Some collections, like lists, can be modified. If that happens, the source enumerator will throw an InvalidOperationException
when moving to the next value.
When that happens, the whole cache is not valid anymore. Therefore, the cache will be cleared and all existing enumerators invalidated.
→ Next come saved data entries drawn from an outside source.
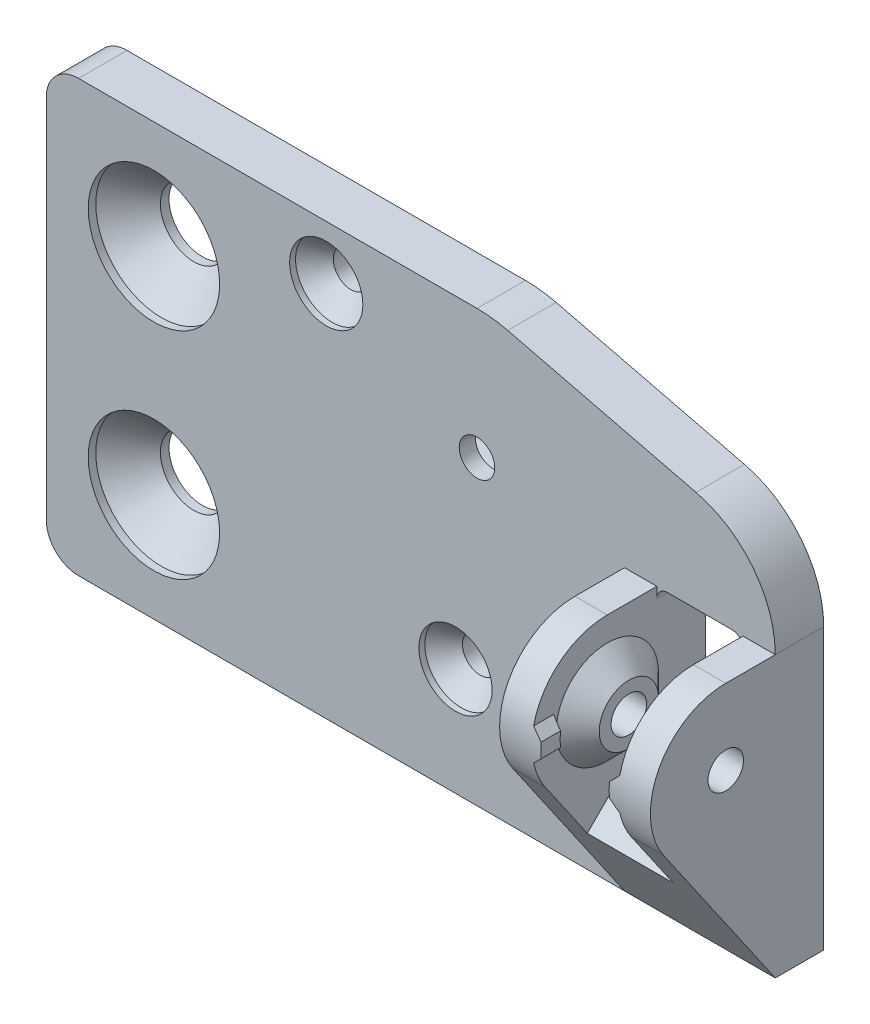
from build123d import *

# Parameters (mm, degrees)
SKETCH1_R           = 3.1
SKETCH1_R_2         = 1.65
BOSS_EXTRUDE1_DEPTH = 4.5
BOSS_EXTRUDE2_DEPTH = 15
BOSS_EXTRUDE3_DEPTH = 14
CUT_EXTRUDE1_DEPTH  = 11
SKETCH5_R           = 1.65
CUT_EXTRUDE2_DEPTH  = 73.405110317
CUT_EXTRUDE3_START  = -3
CUT_EXTRUDE3_DEPTH  = 8
FILLET1_R           = 5
SKETCH7_R           = 2.1
CUT_EXTRUDE4_DEPTH  = 47.44243749
SKETCH8_R           = 4.1
CUT_EXTRUDE5_DEPTH  = 1.5
CHAMFER1_SIZE       = 2
CUT_EXTRUDE6_DEPTH  = 64.154572281
CUT_EXTRUDE7_DEPTH  = 64.154572281
SKETCH11_R          = 1.65
CUT_EXTRUDE9_DEPTH  = 64.154572281
BOSS_EXTRUDE4_START = 2
SKETCH13_R          = 2.75
SKETCH13_R_2        = 1.65
BOSS_EXTRUDE4_DEPTH = 2
BOSS_EXTRUDE5_START = 0.825
BOSS_EXTRUDE5_DEPTH = 0.825
CHAMFER3_SIZE       = 2
SKETCH14_R          = 6.1
CUT_EXTRUDE10_DEPTH = 0.7
CHAMFER4_SIZE       = 3
CHAMFER5_SIZE       = 0.83
SKETCH16_R          = 3.4
CUT_EXTRUDE11_DEPTH = 0.5
CHAMFER6_SIZE       = 1.8
CUT_EXTRUDE12_DEPTH = 55.171025466
SKETCH18_R          = 6.25
CUT_EXTRUDE13_DEPTH = 3
FILLET2_R           = 1


# Some blends are built 0.0001 mm under size
with BuildPart() as part:
    # Sketch1 → Boss-Extrude1 (new body)
    with BuildSketch(Plane.XY):
        with BuildLine():
            Line((-10, 17), (-10, -17))
            ThreePointArc((-10, -17), (-9.121320344, -19.121320344), (-7, -20))
            Line((-7, -20), (57.7, -20))
            Line((57.7, -20), (57.7, 20))
            Line((57.7, 20), (10, 20))
            Line((10, 20), (-7, 20))
            ThreePointArc((-7, 20), (-9.121320344, 19.121320344), (-10, 17))
        make_face()
        with Locations((0, 10)):
            Circle(SKETCH1_R, mode=Mode.SUBTRACT)
        with Locations((0, -10)):
            Circle(SKETCH1_R, mode=Mode.SUBTRACT)
        with Locations((30, 8)):
            Circle(SKETCH1_R_2, mode=Mode.SUBTRACT)
    extrude(amount=BOSS_EXTRUDE1_DEPTH)

    # Sketch2 → Boss-Extrude2 (add)
    with BuildSketch(Plane.XZ.offset(20)):
        Polygon((10, 0), (10, -16), (19, -16), (57.7, 0), align=None)
    extrude(amount=-BOSS_EXTRUDE2_DEPTH)

    # Sketch3 → Boss-Extrude3 (add)
    with BuildSketch(Plane(origin=(57.7, 0, 0), x_dir=(0, 0, -1), z_dir=(1, 0, 0))):
        with BuildLine():
            Line((-9.1, 6), (-4.5, 6))
            Line((-4.5, 6), (-4.5, -20))
            Line((-4.5, -20), (-14.862521583, -4.974084173))
            ThreePointArc((-14.862521583, -4.974084173), (-15.297523264, 2.254336399), (-9.1, 6))
        make_face()
    extrude(amount=-BOSS_EXTRUDE3_DEPTH)

    # Sketch4 → Cut-Extrude1 (cut)
    with BuildSketch(Plane(origin=(0, -5, 0), x_dir=(1, 0, 0), z_dir=(0, 1, 0))):
        Polygon((10, 0), (57.7, 0), (57.7, 16), (19, 16), (19, 5.1), (10, 5.1), align=None)
    extrude(amount=-CUT_EXTRUDE1_DEPTH, mode=Mode.SUBTRACT)

    # Sketch5 → Cut-Extrude2 (cut, through all)
    with BuildSketch(Plane(origin=(57.7, 0, 0), x_dir=(0, 0, -1), z_dir=(1, 0, 0))):
        with Locations(Location((-9.1, -1, 0), (0, 0, 90))):
            Circle(SKETCH5_R)
    extrude(amount=-CUT_EXTRUDE2_DEPTH, mode=Mode.SUBTRACT)

    # Sketch6 → Cut-Extrude3 (cut)
    with BuildSketch(Plane(origin=(57.7, 0, 0), x_dir=(0, 0, -1), z_dir=(1, 0, 0)).offset(CUT_EXTRUDE3_START)):
        with BuildLine():
            Line((-5.210912703, -4.889087297), (-19.214201662, -18.892376255))
            Line((-19.214201662, -18.892376255), (-19.214201662, 16.892376255))
            Line((-19.214201662, 16.892376255), (-5.210912703, 2.889087297))
            ThreePointArc((-5.210912703, 2.889087297), (-3.6, -1), (-5.210912703, -4.889087297))
        make_face()
    extrude(amount=-CUT_EXTRUDE3_DEPTH, mode=Mode.SUBTRACT)

    # Fillet1
    fillet1_edges = [part.edges().sort_by_distance(p)[0] for p in [
        (14.5, -5, -16),
    ]]
    fillet(fillet1_edges, radius=FILLET1_R)

    # Sketch7 → Cut-Extrude4 (cut, through all)
    with BuildSketch(Plane(origin=(19, 0, 0), x_dir=(0, 0, -1), z_dir=(1, 0, 0))):
        with Locations(Location((11, -10, 0), (0, 0, 90))):
            Circle(SKETCH7_R)
    extrude(amount=-CUT_EXTRUDE4_DEPTH, mode=Mode.SUBTRACT)

    # Sketch8 → Cut-Extrude5 (cut)
    with BuildSketch(Plane(origin=(19, 0, 0), x_dir=(0, 0, -1), z_dir=(1, 0, 0))):
        with Locations(Location((11, -10, 0), (0, 0, 90))):
            Circle(SKETCH8_R)
    extrude(amount=-CUT_EXTRUDE5_DEPTH, mode=Mode.SUBTRACT)

    # Chamfer1
    chamfer1_edges = [part.edges().sort_by_distance(p)[0] for p in [
        (17.5, -12.1, -11),
    ]]
    chamfer(chamfer1_edges, length=CHAMFER1_SIZE - 0.0001)  # a hair under: the kernel refuses the full size

    # Sketch9 → Cut-Extrude6 (cut, through all)
    with BuildSketch(Plane.XY):
        Polygon((46.7, 6), (54.7, 6), (54.7, 3.5), (54.7, -5.5), (54.7, -8), (46.7, -8), (46.7, -5.5), (46.7, 3.5), align=None)
    extrude(amount=CUT_EXTRUDE6_DEPTH, mode=Mode.SUBTRACT)

    # Sketch10 → Cut-Extrude7 (cut, through all)
    with BuildSketch(Plane(origin=(0, 0, 0), x_dir=(-1, 0, 0), z_dir=(0, 0, -1))):
        with BuildLine():
            Line((-57.7, 6), (-57.7, 20))
            Line((-57.7, 20), (-30, 20))
            ThreePointArc((-30, 20), (-31.436169615, 19.913749067), (-32.851694068, 19.65623614))
            Line((-32.851694068, 19.65623614), (-50.33995445, 15.377739394))
            ThreePointArc((-50.33995445, 15.377739394), (-55.640268278, 11.96054248), (-57.7, 6))
        make_face()
    extrude(amount=-CUT_EXTRUDE7_DEPTH, mode=Mode.SUBTRACT)

    # Sketch11 → Cut-Extrude9 (cut, through all)
    with BuildSketch(Plane(origin=(0, 0, 0), x_dir=(-1, 0, 0), z_dir=(0, 0, -1))):
        with Locations((-16, 15)):
            Circle(SKETCH11_R)
        with Locations((-28, -10)):
            Circle(SKETCH11_R)
    extrude(amount=-CUT_EXTRUDE9_DEPTH, mode=Mode.SUBTRACT)

    # Sketch13 → Boss-Extrude4 (add)
    with BuildSketch(Plane(origin=(46.7, 0, 0), x_dir=(0, 0, -1), z_dir=(1, 0, 0)).offset(BOSS_EXTRUDE4_START)):
        with Locations(Location((-9.1, -1, 0), (0, 0, 90))):
            Circle(SKETCH13_R)
        with Locations(Location((-9.1, -1, 0), (0, 0, 90))):
            Circle(SKETCH13_R_2, mode=Mode.SUBTRACT)
    boss_extrude4 = extrude(amount=-BOSS_EXTRUDE4_DEPTH)

    # Sketch15 → Boss-Extrude5 (add)
    with BuildSketch(Plane(origin=(46.7, 0, 0), x_dir=(0, 0, -1), z_dir=(1, 0, 0)).offset(BOSS_EXTRUDE5_START)):
        with BuildLine():
            Line((-14.078955714, 0.5), (-15.937397166, 0.5))
            ThreePointArc((-15.937397166, 0.5), (-16.1, -1), (-15.937397166, -2.5))
            Line((-15.937397166, -2.5), (-14.078955714, -2.5))
            ThreePointArc((-14.078955714, -2.5), (-14.3, -1), (-14.078955714, 0.5))
        make_face()
    boss_extrude5 = extrude(amount=-BOSS_EXTRUDE5_DEPTH)

    # Mirror1: Boss-Extrude4, Boss-Extrude5 across plane
    add(boss_extrude4.mirror(Plane(origin=(50.7, 0, 0), x_dir=(0, 0, 1), z_dir=(1, 0, 0))))
    add(boss_extrude5.mirror(Plane(origin=(50.7, 0, 0), x_dir=(0, 0, 1), z_dir=(1, 0, 0))))

    # Chamfer3
    chamfer3_edges = [part.edges().sort_by_distance(p)[0] for p in [
        (46.7, -3.75, 9.1),
        (54.7, -3.75, 9.1),
    ]]
    chamfer(chamfer3_edges, length=CHAMFER3_SIZE - 0.0001)  # a hair under: the kernel refuses the full size

    # Sketch14 → Cut-Extrude10 (cut)
    with BuildSketch(Plane(origin=(0, 0, 4.5), x_dir=(-1, 0, 0), z_dir=(0, 0, -1))):
        with Locations((0, -10)):
            Circle(SKETCH14_R)
        with Locations((0, 10)):
            Circle(SKETCH14_R)
    extrude(amount=CUT_EXTRUDE10_DEPTH, mode=Mode.SUBTRACT)

    # Chamfer4
    chamfer4_edges = [part.edges().sort_by_distance(p)[0] for p in [
        (-3.1, -10, 3.8),
        (-3.1, 10, 3.8),
    ]]
    chamfer(chamfer4_edges, length=CHAMFER4_SIZE - 0.0001)  # a hair under: the kernel refuses the full size

    # Chamfer5
    # the kernel refuses this chamfer: 0.83 mm, written as the material it takes off along each edge
    with BuildSketch(Plane(origin=(53.875, -2.5, 18.071894046), x_dir=(0.9996219169112968, -0.027495876610586414, 0), z_dir=(0, 0, -1))) as chamfer5_piece_1_section:
        Polygon((CHAMFER5_SIZE * 0.999621916911, -CHAMFER5_SIZE * 0.0274958766106), (-CHAMFER5_SIZE * 0.0274958766106, -CHAMFER5_SIZE * 0.999621916911), (0, 0), align=None)
    chamfer5_piece_1 = extrude(amount=6.127435212, mode=Mode.PRIVATE)
    chamfer5_piece_1 = split(chamfer5_piece_1, bisect_by=Plane(origin=(54.7, -2.224603208, 15.069483683), z_dir=(-1, 0, 0)), keep=Keep.TOP, mode=Mode.PRIVATE)
    chamfer5_piece_1 = chamfer5_piece_1 - Plane(origin=(54.15228648, -1, 9.1), x_dir=(0, -0.2884615384615384, 0.957491483423431), z_dir=(-1, 0, 0)) * Cylinder(5.2, 16, mode=Mode.PRIVATE)
    add(chamfer5_piece_1, mode=Mode.SUBTRACT)
    with BuildSketch(Plane(origin=(53.875, 0.5, 11.944458834), x_dir=(0.9996219169112968, 0.027495876610586546, 0), z_dir=(0, 0, 1))) as chamfer5_piece_2_section:
        Polygon((CHAMFER5_SIZE * 0.999621916911, -CHAMFER5_SIZE * 0.0274958766106), (-CHAMFER5_SIZE * 0.0274958766106, -CHAMFER5_SIZE * 0.999621916911), (0, 0), align=None)
    chamfer5_piece_2 = extrude(amount=6.127435212, mode=Mode.PRIVATE)
    chamfer5_piece_2 = split(chamfer5_piece_2, bisect_by=Plane(origin=(54.7, 0.224603208, 15.069483683), z_dir=(-1, 0, 0)), keep=Keep.TOP, mode=Mode.PRIVATE)
    chamfer5_piece_2 = chamfer5_piece_2 - Plane(origin=(54.15228648, -1, 9.1), x_dir=(0, -0.2884615384615384, 0.957491483423431), z_dir=(-1, 0, 0)) * Cylinder(5.2, 16, mode=Mode.PRIVATE)
    add(chamfer5_piece_2, mode=Mode.SUBTRACT)
    with BuildSketch(Plane(origin=(47.525, -2.5, 18.071894046), x_dir=(-0.9996219169112968, -0.027495876610586414, 0), z_dir=(0, 0, -1))) as chamfer5_piece_3_section:
        Polygon((CHAMFER5_SIZE * 0.999621916911, CHAMFER5_SIZE * 0.0274958766106), (-CHAMFER5_SIZE * 0.0274958766106, CHAMFER5_SIZE * 0.999621916911), (0, 0), align=None)
    chamfer5_piece_3 = extrude(amount=6.127435212, mode=Mode.PRIVATE)
    chamfer5_piece_3 = split(chamfer5_piece_3, bisect_by=Plane(origin=(46.7, -2.224603208, 15.069483683), z_dir=(1, 0, 0)), keep=Keep.TOP, mode=Mode.PRIVATE)
    chamfer5_piece_3 = chamfer5_piece_3 - Plane(origin=(47.24771352, -1, 9.1), x_dir=(0, -0.2884615384615384, 0.957491483423431), z_dir=(1, 0, 0)) * Cylinder(5.2, 16, mode=Mode.PRIVATE)
    add(chamfer5_piece_3, mode=Mode.SUBTRACT)
    with BuildSketch(Plane(origin=(47.525, 0.5, 11.944458834), x_dir=(-0.9996219169112968, 0.027495876610586285, 0), z_dir=(0, 0, 1))) as chamfer5_piece_4_section:
        Polygon((CHAMFER5_SIZE * 0.999621916911, CHAMFER5_SIZE * 0.0274958766106), (-CHAMFER5_SIZE * 0.0274958766106, CHAMFER5_SIZE * 0.999621916911), (0, 0), align=None)
    chamfer5_piece_4 = extrude(amount=6.127435212, mode=Mode.PRIVATE)
    chamfer5_piece_4 = split(chamfer5_piece_4, bisect_by=Plane(origin=(46.7, 0.224603208, 15.069483683), z_dir=(1, 0, 0)), keep=Keep.TOP, mode=Mode.PRIVATE)
    chamfer5_piece_4 = chamfer5_piece_4 - Plane(origin=(47.24771352, -1, 9.1), x_dir=(0, -0.2884615384615384, 0.957491483423431), z_dir=(1, 0, 0)) * Cylinder(5.2, 16, mode=Mode.PRIVATE)
    add(chamfer5_piece_4, mode=Mode.SUBTRACT)

    # Sketch16 → Cut-Extrude11 (cut)
    with BuildSketch(Plane(origin=(0, 0, 4.5), x_dir=(-1, 0, 0), z_dir=(0, 0, -1))):
        with Locations((-28, -10)):
            Circle(SKETCH16_R)
        with Locations((-16, 15)):
            Circle(SKETCH16_R)
    extrude(amount=CUT_EXTRUDE11_DEPTH, mode=Mode.SUBTRACT)

    # Chamfer6
    # the kernel refuses this chamfer: 1.8 mm, written as the material it takes off along each edge
    with BuildSketch(Plane(origin=(28, -10, 4), x_dir=(-1, 0, 0), z_dir=(0, -1, 0))) as chamfer6_piece_1_section:
        Polygon((1.65, CHAMFER6_SIZE), (1.65 + CHAMFER6_SIZE, 0), (1.65, 0), align=None)
    chamfer6_piece_1 = revolve(axis=Axis((28, -10, 4), (0, 0, -1)), mode=Mode.PRIVATE)
    chamfer6_piece_1 = chamfer6_piece_1 & Plane(origin=(28, -10, 3.070206715), x_dir=(-1, 0, 0), z_dir=(0, 0, 1)) * Cylinder(3.4, 14, mode=Mode.PRIVATE)
    add(chamfer6_piece_1, mode=Mode.SUBTRACT)
    with BuildSketch(Plane(origin=(16, 15, 4), x_dir=(-1, 0, 0), z_dir=(0, -1, 0))) as chamfer6_piece_2_section:
        Polygon((1.65, CHAMFER6_SIZE), (1.65 + CHAMFER6_SIZE, 0), (1.65, 0), align=None)
    chamfer6_piece_2 = revolve(axis=Axis((16, 15, 4), (0, 0, -1)), mode=Mode.PRIVATE)
    chamfer6_piece_2 = chamfer6_piece_2 & Plane(origin=(16, 15, 3.070206715), x_dir=(-1, 0, 0), z_dir=(0, 0, 1)) * Cylinder(3.4, 14, mode=Mode.PRIVATE)
    add(chamfer6_piece_2, mode=Mode.SUBTRACT)

    # Sketch17 → Cut-Extrude12 (cut, through all)
    with BuildSketch(Plane.ZY.offset(-10)):
        Polygon((-11, -10), (-9.51507576, -8.51507576), (-10.550151519, -7.48), (-11.449848481, -7.48), (-12.48492424, -8.51507576), align=None)
    extrude(amount=-CUT_EXTRUDE12_DEPTH, mode=Mode.SUBTRACT)

    # Sketch18 → Cut-Extrude13 (cut)
    with BuildSketch(Plane(origin=(0, 0, 0), x_dir=(-1, 0, 0), z_dir=(0, 0, -1))):
        with Locations((-30, 8)):
            Circle(SKETCH18_R)
    extrude(amount=-CUT_EXTRUDE13_DEPTH, mode=Mode.SUBTRACT)

    # Fillet2
    fillet2_edges = [part.edges().sort_by_distance(p)[0] for p in [
        (46.7, 6, 2.25),
        (54.7, 6, 2.25),
    ]]
    fillet(fillet2_edges, radius=FILLET2_R)


solid = part.part

This is implemented by CachedIEnumerable
, which holds a weak reference to all enumerators. I chose weak reference, so that the garbage collector can still
clean up the enumerators if they are not needed anymore.
Actual Code
Here is the implementation for CachedIEnumerable
:
public class CachedIEnumerable<T> : IEnumerable<T>
{
private List<T> cache;
private IEnumerable<T> source;
private IEnumerator<T> enumerator;
private List<WeakReference<CachedIEnumerator<T>>> enumerators;
public IReadOnlyCollection<T> CachedValues => cache;
public CachedIEnumerable(IEnumerable<T> source)
{
this.cache = new List<T>();
this.source = source;
this.enumerator = source.GetEnumerator();
this.enumerators = new List<WeakReference<CachedIEnumerator<T>>>();
}
~CachedIEnumerable()
{
enumerator.Dispose();
}
public IEnumerator<T> GetEnumerator()
{
var e = new CachedIEnumerator<T>(cache, enumerator, reset);
enumerators.Add(new WeakReference<CachedIEnumerator<T>>(e));
return e;
}
IEnumerator IEnumerable.GetEnumerator()
{
return GetEnumerator();
}
/// <summary>
/// resets the cached IEnumerable and invalidates all existing enumerators
/// called when the underlying collection changed
/// </summary>
private void reset()
{
cache.Clear(); //the cache is not valid at this point
//the enumerator of the underlying collection must be renewed (it threw the exception)
enumerator.Dispose();
enumerator = source.GetEnumerator();
//invalidate all enumerators of the cached enumerable
foreach(var weakEnumeratorReference in enumerators)
{
CachedIEnumerator<T> e;
if (weakEnumeratorReference.TryGetTarget(out e)) {
e.Invalidate();
e.Dispose();
}
}
enumerators.Clear(); //since all enumerators are invalidated, there is no need to reference them any more
}
}
And here the implementation for CachedIEnumerator
:
public class CachedIEnumerator<T> : IEnumerator<T>
{
private List<T> sharedCache;
private IEnumerator<T> enumerator;
private int currentIndex = -1;
private bool valid = true;
private bool pastEnd = false;
private Action invalidateAll;
public CachedIEnumerator(List<T> sharedCache, IEnumerator<T> enumerator, Action invalidateAll)
{
this.sharedCache = sharedCache;
this.enumerator = enumerator;
this.invalidateAll = invalidateAll;
}
private T current;
public T Current
{
get
{
if (!pastEnd) return current;
else throw new InvalidOperationException("The enumerator reached past the end of the collection");
}
private set
{
current = value;
}
}
object IEnumerator.Current
{
get { return Current; }
}
public void Dispose()
{
}
public void Invalidate()
{
valid = false;
}
public bool MoveNext()
{
if (!valid)
throw new InvalidOperationException("The collection was modified after the enumerator was created.");
currentIndex++;
if (currentIndex < sharedCache.Count)
{
Current = sharedCache[currentIndex];
return true;
}
try
{
var success = enumerator.MoveNext();
if (success)
{
Current = enumerator.Current;
sharedCache.Add(Current);
return true;
}
else
{
Current = default(T);
pastEnd = true;
return false;
}
}
catch (InvalidOperationException)
{
invalidateAll();
throw;
}
}
public void Reset()
{
throw new NotSupportedException();
}
}
Additional Info
You can also find the code on Github as a dotnet core project, including a lot of tests.
Happy Coding! :)
Update 1 (16.10.2016)
I have removed the implementation for IList
, because LINQ treats lists differently in some cases, since it expects that generators don't implement IList
. If you want to see the original blogpost, which includes the IList
implementation, you find it here.
The updated code also includes additional edge-case handling, like a changing source list.